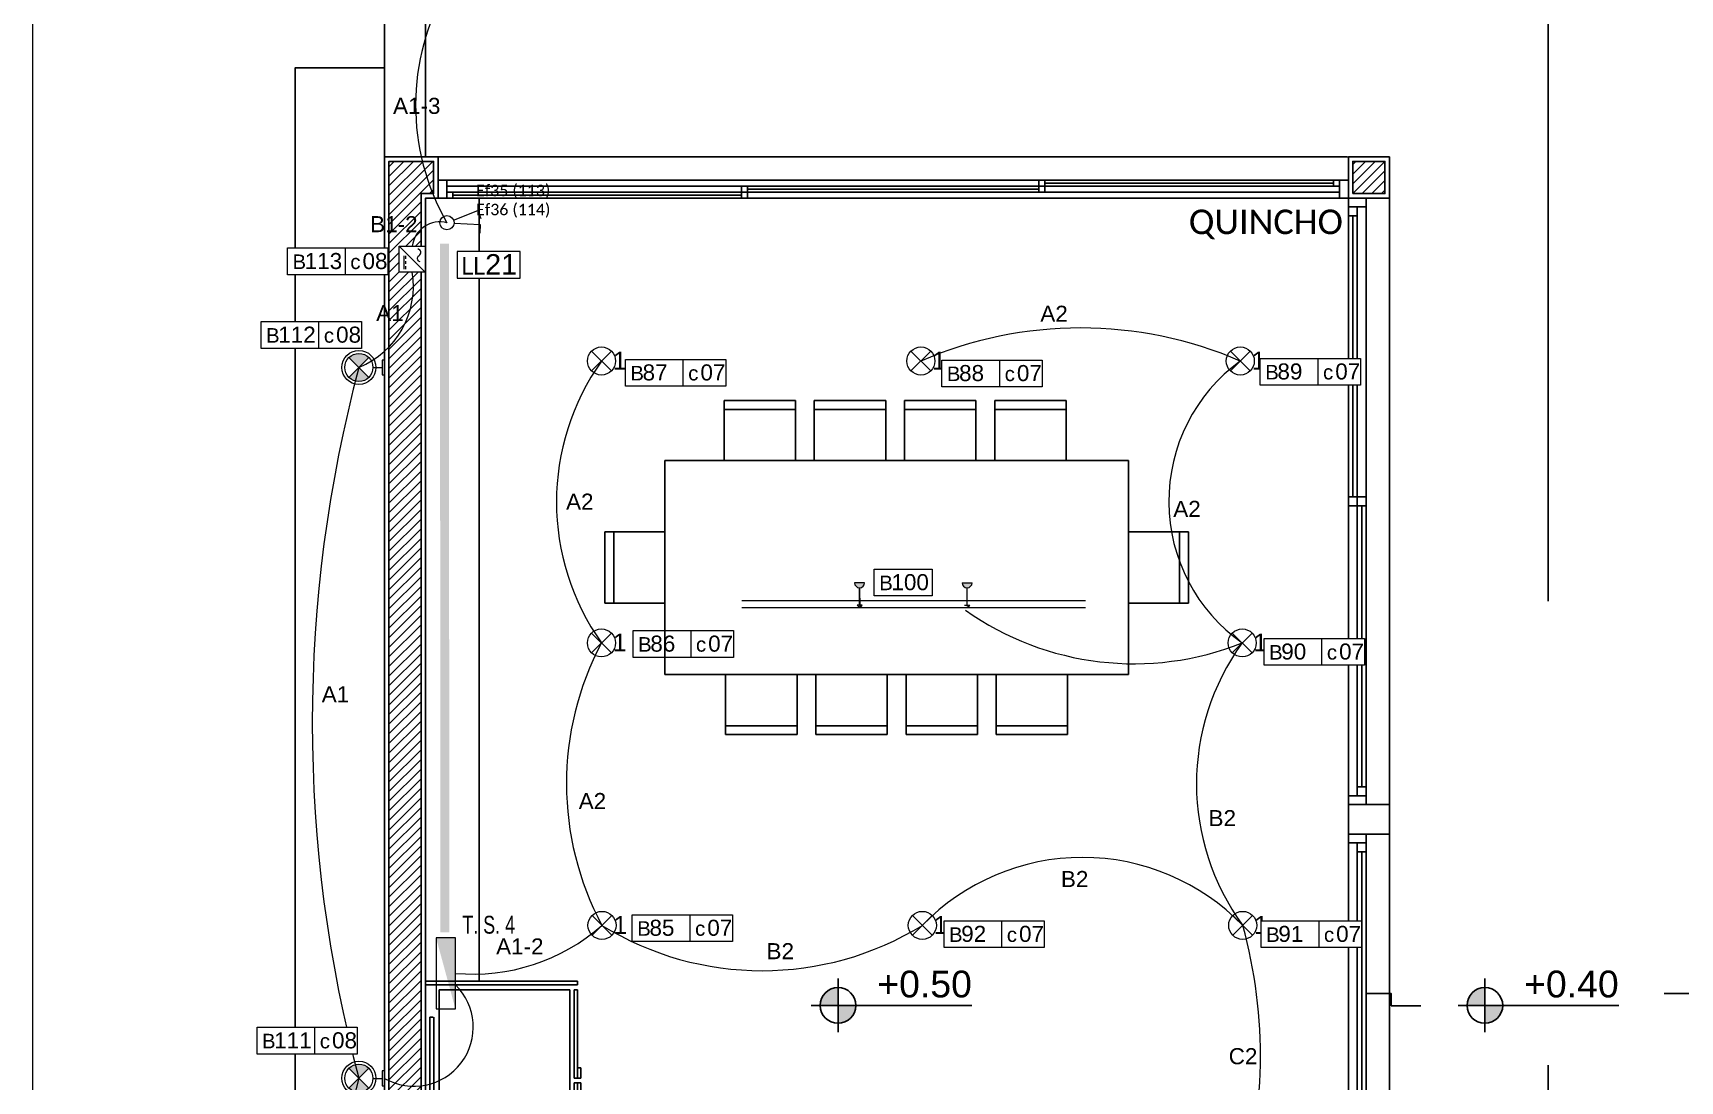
# Model space of a CAD drawing. Header units: millimetres. Extents: x 430 to 1353, y -204 to 152.
# Drawn here: x 641.06 to 650.29, y -39.14 to -33.26 of the extents above; entities that cross this region are included whole.
import ezdxf
from ezdxf.enums import TextEntityAlignment as Align

# ---------------------------------------------------------------- set-up
doc = ezdxf.new("R2010")
doc.units = ezdxf.units.MM
doc.linetypes.add('DASHED', pattern=[0.3, 0.17, -0.13])
doc.layers.get('0').update_dxf_attribs({"color": 250})
for name, color, linetype in [('A Eq. Movil', 252, 'Continuous'), ('AN - Designacion Corte 1-50', 252, 'Continuous'), ('AN - Designacion Nivel 1-50', 252, 'Continuous'), ('AR - Carpinteria', 252, 'Continuous'), ('AR - Equipamiento Fijo', 252, 'Continuous'), ('AR - Ht', 252, 'Continuous'), ('AR - Proyeccion', 252, 'DASHED'), ('AR - Vista 05', 252, 'Continuous'), ('AR - Vista 2', 252, 'Continuous'), ('AR - Vista 4', 252, 'Continuous'), ('AR-VISTA-1', 252, 'Continuous'), ('ND- ESPACIOS', 253, 'Continuous')]:
    doc.layers.add(name, color=color, linetype=linetype)
for name, color, linetype, lineweight in [('ND-Apliques', 1, 'Continuous', 15), ('ND-GLOBAL_Notas', 252, 'Continuous', 9), ('ND-IUG-C7', 230, 'Continuous', 13), ('ND-IUG-C8', 82, 'Continuous', 13), ('ND-LL_Num', 7, 'Continuous', 9), ('ND-Llaves', 92, 'Continuous', 9), ('ND-TABLEROS', 1, 'Continuous', 9), ('ND-texto', 251, 'Continuous', 15)]:
    doc.layers.add(name, color=color, linetype=linetype, lineweight=lineweight)
doc.styles.add('1', font='arial.ttf')
doc.styles.add('1.50 txt especificaciones', font='tahoma.ttf', dxfattribs={"height": 0.075})
doc.styles.add('50-TXT', font='GOTHIC.TTF', dxfattribs={"width": 0.75, "height": 0.1})
doc.styles.add('Arial', font='arial.ttf')
doc.styles.add('IMPLANTACION', font='arial.ttf', dxfattribs={"height": 0.3})
doc.styles.get("Standard").update_dxf_attribs({"font": 'arial.ttf'})
doc.styles.add('Texto Simbolos 1 50', font='arial.ttf', dxfattribs={"height": 0.15})

# ---------------------------------------------------------------- blocks, each defined once
blk = doc.blocks.new('Aplique_ext_caja 7x7')
for p, q in [((-0.0556, 0.0556), (0.0556, -0.0556)), ((-0.0556, -0.0556), (0.0556, 0.0556))]:
    blk.add_line(p, q)
blk.add_circle((0, 0), 0.0786)
blk = doc.blocks.new('*U413')
blk.add_blockref('Aplique_ext_caja 7x7', (0, 0))
at = {"insert": (0.0634, 0.0523), "char_height": 0.1, "attachment_point": 1, "style": 'IMPLANTACION'}
blk.add_mtext_dynamic_manual_height_columns('1', width=0.080108, gutter_width=0.5582, heights=[0], dxfattribs=at)
blk = doc.blocks.new('*U414')
blk.add_blockref('Aplique_ext_caja 7x7', (0, 0))
at = {"insert": (0.0634, 0.0523), "char_height": 0.1, "attachment_point": 1, "style": 'IMPLANTACION'}
blk.add_mtext_dynamic_manual_height_columns('1', width=0.080108, gutter_width=0.5582, heights=[0], dxfattribs=at)
blk = doc.blocks.new('*U415')
blk.add_blockref('Aplique_ext_caja 7x7', (0, 0))
at = {"insert": (0.0634, 0.0523), "char_height": 0.1, "attachment_point": 1, "style": 'IMPLANTACION'}
blk.add_mtext_dynamic_manual_height_columns('1', width=0.080108, gutter_width=0.5582, heights=[0], dxfattribs=at)
blk = doc.blocks.new('*U416')
blk.add_blockref('Aplique_ext_caja 7x7', (0, 0))
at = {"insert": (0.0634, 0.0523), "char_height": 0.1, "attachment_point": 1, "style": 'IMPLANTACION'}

* * *

__What you will do__
The records above must be returned exactly, with each picture omitted.

__Output for this task__
# Model space of a CAD drawing. Header units: millimetres. Extents: x 430 to 1353, y -204 to 152.
# Drawn here: x 641.06 to 650.29, y -39.14 to -33.26 of the extents above; entities that cross this region are included whole.
import ezdxf
from ezdxf.enums import TextEntityAlignment as Align

# ---------------------------------------------------------------- set-up
doc = ezdxf.new("R2010")
doc.units = ezdxf.units.MM
doc.linetypes.add('DASHED', pattern=[0.3, 0.17, -0.13])
doc.layers.get('0').update_dxf_attribs({"color": 250})
for name, color, linetype in [('A Eq. Movil', 252, 'Continuous'), ('AN - Designacion Corte 1-50', 252, 'Continuous'), ('AN - Designacion Nivel 1-50', 252, 'Continuous'), ('AR - Carpinteria', 252, 'Continuous'), ('AR - Equipamiento Fijo', 252, 'Continuous'), ('AR - Ht', 252, 'Continuous'), ('AR - Proyeccion', 252, 'DASHED'), ('AR - Vista 05', 252, 'Continuous'), ('AR - Vista 2', 252, 'Continuous'), ('AR - Vista 4', 252, 'Continuous'), ('AR-VISTA-1', 252, 'Continuous'), ('ND- ESPACIOS', 253, 'Continuous')]:
    doc.layers.add(name, color=color, linetype=linetype)
for name, color, linetype, lineweight in [('ND-Apliques', 1, 'Continuous', 15), ('ND-GLOBAL_Notas', 252, 'Continuous', 9), ('ND-IUG-C7', 230, 'Continuous', 13), ('ND-IUG-C8', 82, 'Continuous', 13), ('ND-LL_Num', 7, 'Continuous', 9), ('ND-Llaves', 92, 'Continuous', 9), ('ND-TABLEROS', 1, 'Continuous', 9), ('ND-texto', 251, 'Continuous', 15)]:
    doc.layers.add(name, color=color, linetype=linetype, lineweight=lineweight)
doc.styles.add('1', font='arial.ttf')
doc.styles.add('1.50 txt especificaciones', font='tahoma.ttf', dxfattribs={"height": 0.075})
doc.styles.add('50-TXT', font='GOTHIC.TTF', dxfattribs={"width": 0.75, "height": 0.1})
doc.styles.add('Arial', font='arial.ttf')
doc.styles.add('IMPLANTACION', font='arial.ttf', dxfattribs={"height": 0.3})
doc.styles.get("Standard").update_dxf_attribs({"font": 'arial.ttf'})
doc.styles.add('Texto Simbolos 1 50', font='arial.ttf', dxfattribs={"height": 0.15})

# ---------------------------------------------------------------- blocks, each defined once
blk = doc.blocks.new('Aplique_ext_caja 7x7')
for p, q in [((-0.0556, 0.0556), (0.0556, -0.0556)), ((-0.0556, -0.0556), (0.0556, 0.0556))]:
    blk.add_line(p, q)
blk.add_circle((0, 0), 0.0786)
blk = doc.blocks.new('*U413')
blk.add_blockref('Aplique_ext_caja 7x7', (0, 0))
at = {"insert": (0.0634, 0.0523), "char_height": 0.1, "attachment_point": 1, "style": 'IMPLANTACION'}
blk.add_mtext_dynamic_manual_height_columns('1', width=0.080108, gutter_width=0.5582, heights=[0], dxfattribs=at)
blk = doc.blocks.new('*U414')
blk.add_blockref('Aplique_ext_caja 7x7', (0, 0))
at = {"insert": (0.0634, 0.0523), "char_height": 0.1, "attachment_point": 1, "style": 'IMPLANTACION'}
blk.add_mtext_dynamic_manual_height_columns('1', width=0.080108, gutter_width=0.5582, heights=[0], dxfattribs=at)
blk = doc.blocks.new('*U415')
blk.add_blockref('Aplique_ext_caja 7x7', (0, 0))
at = {"insert": (0.0634, 0.0523), "char_height": 0.1, "attachment_point": 1, "style": 'IMPLANTACION'}
blk.add_mtext_dynamic_manual_height_columns('1', width=0.080108, gutter_width=0.5582, heights=[0], dxfattribs=at)
blk = doc.blocks.new('*U416')
blk.add_blockref('Aplique_ext_caja 7x7', (0, 0))
at = {"insert": (0.0634, 0.0523), "char_height": 0.1, "attachment_point": 1, "style": 'IMPLANTACION'}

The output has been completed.